At first, we thought it was a stomach issue and dehydration from the unstoppable puking. But since nothing irregular was found in my stomach and my hand became super stiff, it became clear this was a neurological problem. By the time I got to the hospital, my speech had become slurred too.
After an MRI and lumbar puncture, I was given the diagnosis of multiple sclerosis (MS). I didn’t start treatment for it because I was advised by a doctor in France to wait and see the results of my examination by a neurologist in Paris. A couple of months after the appointment with the French neurologist, it turned out that…
Fortunately, I was stable and fully recovered from my first attack. Unfortunately, no doctor in Bulgaria agreed that that was the right diagnosis.
After a COVID-19 infection at the beginning of May, I started having one relapse after another.
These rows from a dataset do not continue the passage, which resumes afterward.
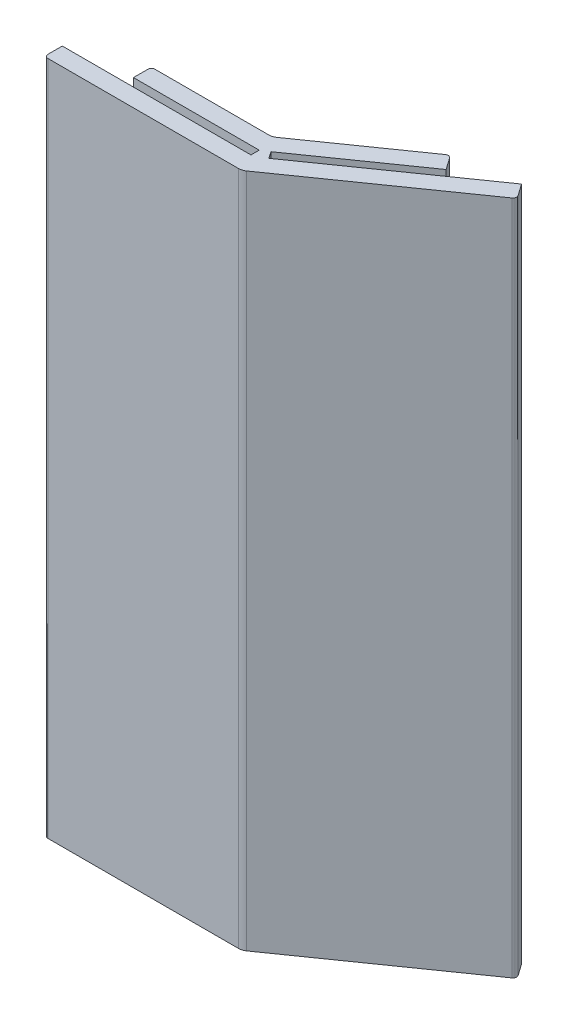
ISO-10303-21;
HEADER;
FILE_DESCRIPTION(('STEP AP214'),'2;1');
FILE_NAME('part.step','',(''),(''),'','','');
FILE_SCHEMA(('AUTOMOTIVE_DESIGN { 1 0 10303 214 1 1 1 1 }'));
ENDSEC;
DATA;
#1=APPLICATION_CONTEXT('core data for automotive mechanical design processes');
#2=APPLICATION_PROTOCOL_DEFINITION('international standard','automotive_design',2000,#1);
#3=PRODUCT_CONTEXT('',#1,'mechanical');
#4=PRODUCT('Part','Part','',(#3));
#5=PRODUCT_RELATED_PRODUCT_CATEGORY('part','',(#4));
#6=PRODUCT_DEFINITION_FORMATION('','',#4);
#7=PRODUCT_DEFINITION_CONTEXT('part definition',#1,'design');
#8=PRODUCT_DEFINITION('design','',#6,#7);
#9=PRODUCT_DEFINITION_SHAPE('','',#8);
#10=(LENGTH_UNIT() NAMED_UNIT(*) SI_UNIT(.MILLI.,.METRE.));
#11=(NAMED_UNIT(*) PLANE_ANGLE_UNIT() SI_UNIT($,.RADIAN.));
#12=(NAMED_UNIT(*) SI_UNIT($,.STERADIAN.) SOLID_ANGLE_UNIT());
#13=UNCERTAINTY_MEASURE_WITH_UNIT(LENGTH_MEASURE(1.E-05),#10,'distance_accuracy_value','');
#14=(GEOMETRIC_REPRESENTATION_CONTEXT(3) GLOBAL_UNCERTAINTY_ASSIGNED_CONTEXT((#13)) GLOBAL_UNIT_ASSIGNED_CONTEXT((#10,
#11,#12)) REPRESENTATION_CONTEXT('',''));
#15=CARTESIAN_POINT('',(0.,0.,0.));
#16=DIRECTION('',(0.,0.,1.));
#17=DIRECTION('',(1.,0.,0.));
#18=AXIS2_PLACEMENT_3D('',#15,#16,#17);
#19=CARTESIAN_POINT('',(-55.,188.,-4.99999999999999));
#20=DIRECTION('',(0.,0.,1.));
#21=DIRECTION('',(1.,0.,0.));
#22=AXIS2_PLACEMENT_3D('',#19,#20,#21);
#23=PLANE('',#22);
#24=DIRECTION('',(-1.,0.,0.));
#25=VECTOR('',#24,1.);
#26=CARTESIAN_POINT('',(-55.,0.,-4.99999999999999));
#27=LINE('',#26,#25);
#28=CARTESIAN_POINT('',(-2.48760437909547,0.,-4.99999999999999));
#29=VERTEX_POINT('',#28);
#30=CARTESIAN_POINT('',(-55.,0.,-4.99999999999999));
#31=VERTEX_POINT('',#30);
#32=EDGE_CURVE('E202',#29,#31,#27,.T.);
#33=ORIENTED_EDGE('',*,*,#32,.T.);
#34=DIRECTION('',(0.,-1.,0.));
#35=VECTOR('',#34,1.);
#36=CARTESIAN_POINT('',(-55.,188.,-4.99999999999999));
#37=LINE('',#36,#35);
#38=CARTESIAN_POINT('',(-55.,188.,-4.99999999999999));
#39=VERTEX_POINT('',#38);
#40=EDGE_CURVE('E11',#39,#31,#37,.T.);
#41=ORIENTED_EDGE('',*,*,#40,.F.);
#42=DIRECTION('',(-1.,0.,0.));
#43=VECTOR('',#42,1.);
#44=CARTESIAN_POINT('',(-55.,188.,-4.99999999999999));
#45=LINE('',#44,#43);
#46=CARTESIAN_POINT('',(-2.48760437909547,188.,-4.99999999999999));
#47=VERTEX_POINT('',#46);
#48=EDGE_CURVE('E240',#47,#39,#45,.T.);
#49=ORIENTED_EDGE('',*,*,#48,.F.);
#50=DIRECTION('',(0.,-1.,0.));
#51=VECTOR('',#50,1.);
#52=CARTESIAN_POINT('',(-2.48760437909547,188.,-4.99999999999999));
#53=LINE('',#52,#51);
#54=EDGE_CURVE('E198',#47,#29,#53,.T.);
#55=ORIENTED_EDGE('',*,*,#54,.T.);
#56=EDGE_LOOP('',(#33,#41,#49,#55));
#57=FACE_BOUND('',#56,.T.);
#58=ADVANCED_FACE('F34',(#57),#23,.F.);
#59=CARTESIAN_POINT('',(-55.,188.,-0.999999999999994));
#60=DIRECTION('',(1.,0.,0.));
#61=DIRECTION('',(0.,0.,-1.));
#62=AXIS2_PLACEMENT_3D('',#59,#60,#61);
#63=PLANE('',#62);
#64=DIRECTION('',(0.,0.,1.));
#65=VECTOR('',#64,1.);
#66=CARTESIAN_POINT('',(-55.,0.,-0.999999999999994));
#67=LINE('',#66,#65);
#68=CARTESIAN_POINT('',(-55.,0.,-0.999999999999994));
#69=VERTEX_POINT('',#68);
#70=EDGE_CURVE('E205',#31,#69,#67,.T.);
#71=ORIENTED_EDGE('',*,*,#70,.T.);
#72=DIRECTION('',(0.,-1.,0.));
#73=VECTOR('',#72,1.);
#74=CARTESIAN_POINT('',(-55.,188.,-0.999999999999994));
#75=LINE('',#74,#73);
#76=CARTESIAN_POINT('',(-55.,188.,-0.999999999999994));
#77=VERTEX_POINT('',#76);
#78=EDGE_CURVE('E42',#77,#69,#75,.T.);
#79=ORIENTED_EDGE('',*,*,#78,.F.);
#80=DIRECTION('',(0.,0.,1.));
#81=VECTOR('',#80,1.);
#82=CARTESIAN_POINT('',(-55.,188.,-0.999999999999994));
#83=LINE('',#82,#81);
#84=EDGE_CURVE('E129',#39,#77,#83,.T.);
#85=ORIENTED_EDGE('',*,*,#84,.F.);
#86=ORIENTED_EDGE('',*,*,#40,.T.);
#87=EDGE_LOOP('',(#71,#79,#85,#86));
#88=FACE_BOUND('',#87,.T.);
#89=ADVANCED_FACE('F358',(#88),#63,.F.);
#90=CARTESIAN_POINT('',(-54.,188.,-0.999999999999994));
#91=DIRECTION('',(0.,-1.,0.));
#92=DIRECTION('',(0.,0.,-1.));
#93=AXIS2_PLACEMENT_3D('',#90,#91,#92);
#94=CYLINDRICAL_SURFACE('',#93,1.);
#95=CARTESIAN_POINT('',(-54.,0.,-0.999999999999994));
#96=DIRECTION('',(0.,1.,0.));
#97=DIRECTION('',(0.,0.,1.));
#98=AXIS2_PLACEMENT_3D('',#95,#96,#97);
#99=CIRCLE('',#98,1.);
#100=CARTESIAN_POINT('',(-54.,0.,0.));
#101=VERTEX_POINT('',#100);
#102=EDGE_CURVE('E207',#69,#101,#99,.T.);
#103=ORIENTED_EDGE('',*,*,#102,.T.);
#104=DIRECTION('',(0.,-1.,0.));
#105=VECTOR('',#104,1.);
#106=CARTESIAN_POINT('',(-54.,188.,0.));
#107=LINE('',#106,#105);
#108=CARTESIAN_POINT('',(-54.,188.,0.));
#109=VERTEX_POINT('',#108);
#110=EDGE_CURVE('E283',#109,#101,#107,.T.);
#111=ORIENTED_EDGE('',*,*,#110,.F.);
#112=CARTESIAN_POINT('',(-54.,188.,-0.999999999999994));
#113=DIRECTION('',(0.,1.,0.));
#114=DIRECTION('',(0.,0.,1.));
#115=AXIS2_PLACEMENT_3D('',#112,#113,#114);
#116=CIRCLE('',#115,1.);
#117=EDGE_CURVE('E291',#77,#109,#116,.T.);
#118=ORIENTED_EDGE('',*,*,#117,.F.);
#119=ORIENTED_EDGE('',*,*,#78,.T.);
#120=EDGE_LOOP('',(#103,#111,#118,#119));
#121=FACE_BOUND('',#120,.T.);
#122=ADVANCED_FACE('F289',(#121),#94,.T.);
#123=CARTESIAN_POINT('',(-0.945896366636942,188.,0.));
#124=DIRECTION('',(0.,0.,-1.));
#125=DIRECTION('',(-1.,0.,0.));
#126=AXIS2_PLACEMENT_3D('',#123,#124,#125);
#127=PLANE('',#126);
#128=DIRECTION('',(1.,0.,0.));
#129=VECTOR('',#128,1.);
#130=CARTESIAN_POINT('',(-0.945896366636942,0.,0.));
#131=LINE('',#130,#129);
#132=CARTESIAN_POINT('',(-0.945896366636942,0.,0.));
#133=VERTEX_POINT('',#132);
#134=EDGE_CURVE('E209',#101,#133,#131,.T.);
#135=ORIENTED_EDGE('',*,*,#134,.T.);
#136=DIRECTION('',(0.,-1.,0.));
#137=VECTOR('',#136,1.);
#138=CARTESIAN_POINT('',(-0.945896366636942,188.,0.));
#139=LINE('',#138,#137);
#140=CARTESIAN_POINT('',(-0.945896366636942,188.,0.));
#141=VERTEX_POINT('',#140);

Everyone then agreed that I had neuromyelitis optica and I started a treatment called Rituximab. The Rituximab was ineffective and I had two much more severe relapses than before. My symptoms were loss of pretty much all sensitivity of my right hand and severe paresis of my right leg. Then we changed my therapy to Tocilizumab, and it’s all been well since then.
Today, overall, I have recovered pretty well – I can walk over 8 kilometers without getting too tired. I can jump, dance, even run a little, all the things we love doing with our legs. My hand is still somewhat numb – I can’t really feel warm water; it has to be pretty hot to sense the temperature. But now, I am able to do almost everything that requires fine motor skills, even writing with a pen. I continue rehabilitation, and I am physically active every day.
I was for a very long time in denial – I was trying to convince myself that something like this couldn’t happen to me. Then, I felt paralyzing fear and wasn’t able to think clearly. After that, I started feeling extremely sorry for myself and blaming myself for getting sick. At one point, I was even thinking that my life was pretty much over since the doctors couldn’t stop the relapses and I had huge lesions on my spinal cord.
I don’t know when I began to accept it, but I felt calm and started feeling hope again. It wasn’t a sudden feeling, though; it grew gradually. Truth is, I never lost faith, but it was dormant for a long time. It finally awoke, and I started feeling myself again. But better – wiser and more confident about my abilities. I have cleared out all the unnecessary bullshit (and people) from my life. I have welcomed new experiences, people, and visions about the world. I was extremely stressed out and burned out months before I had my onset, so somehow, this crazy disease helped me see the big picture and taught me how to preserve my soul and my body, for that matter. I now listen to it carefully, and I hear what it needs.
I haven’t done it by myself, of course. I have the unconditional support and love of my parents and sister, friends, relatives, and therapists of all kinds. It isn’t easy, and I have to make an effort every day. It requires a lot of patience and a lot of lust for life. But I do believe it’s worth it. I have learnt so much about myself and about the strength and resilience that I carry.
It is a very unpredictable disease, and it can make life feel really dark and uncertain. But I believe we can all find a way to transform the darkness and uncertainty into something beautiful.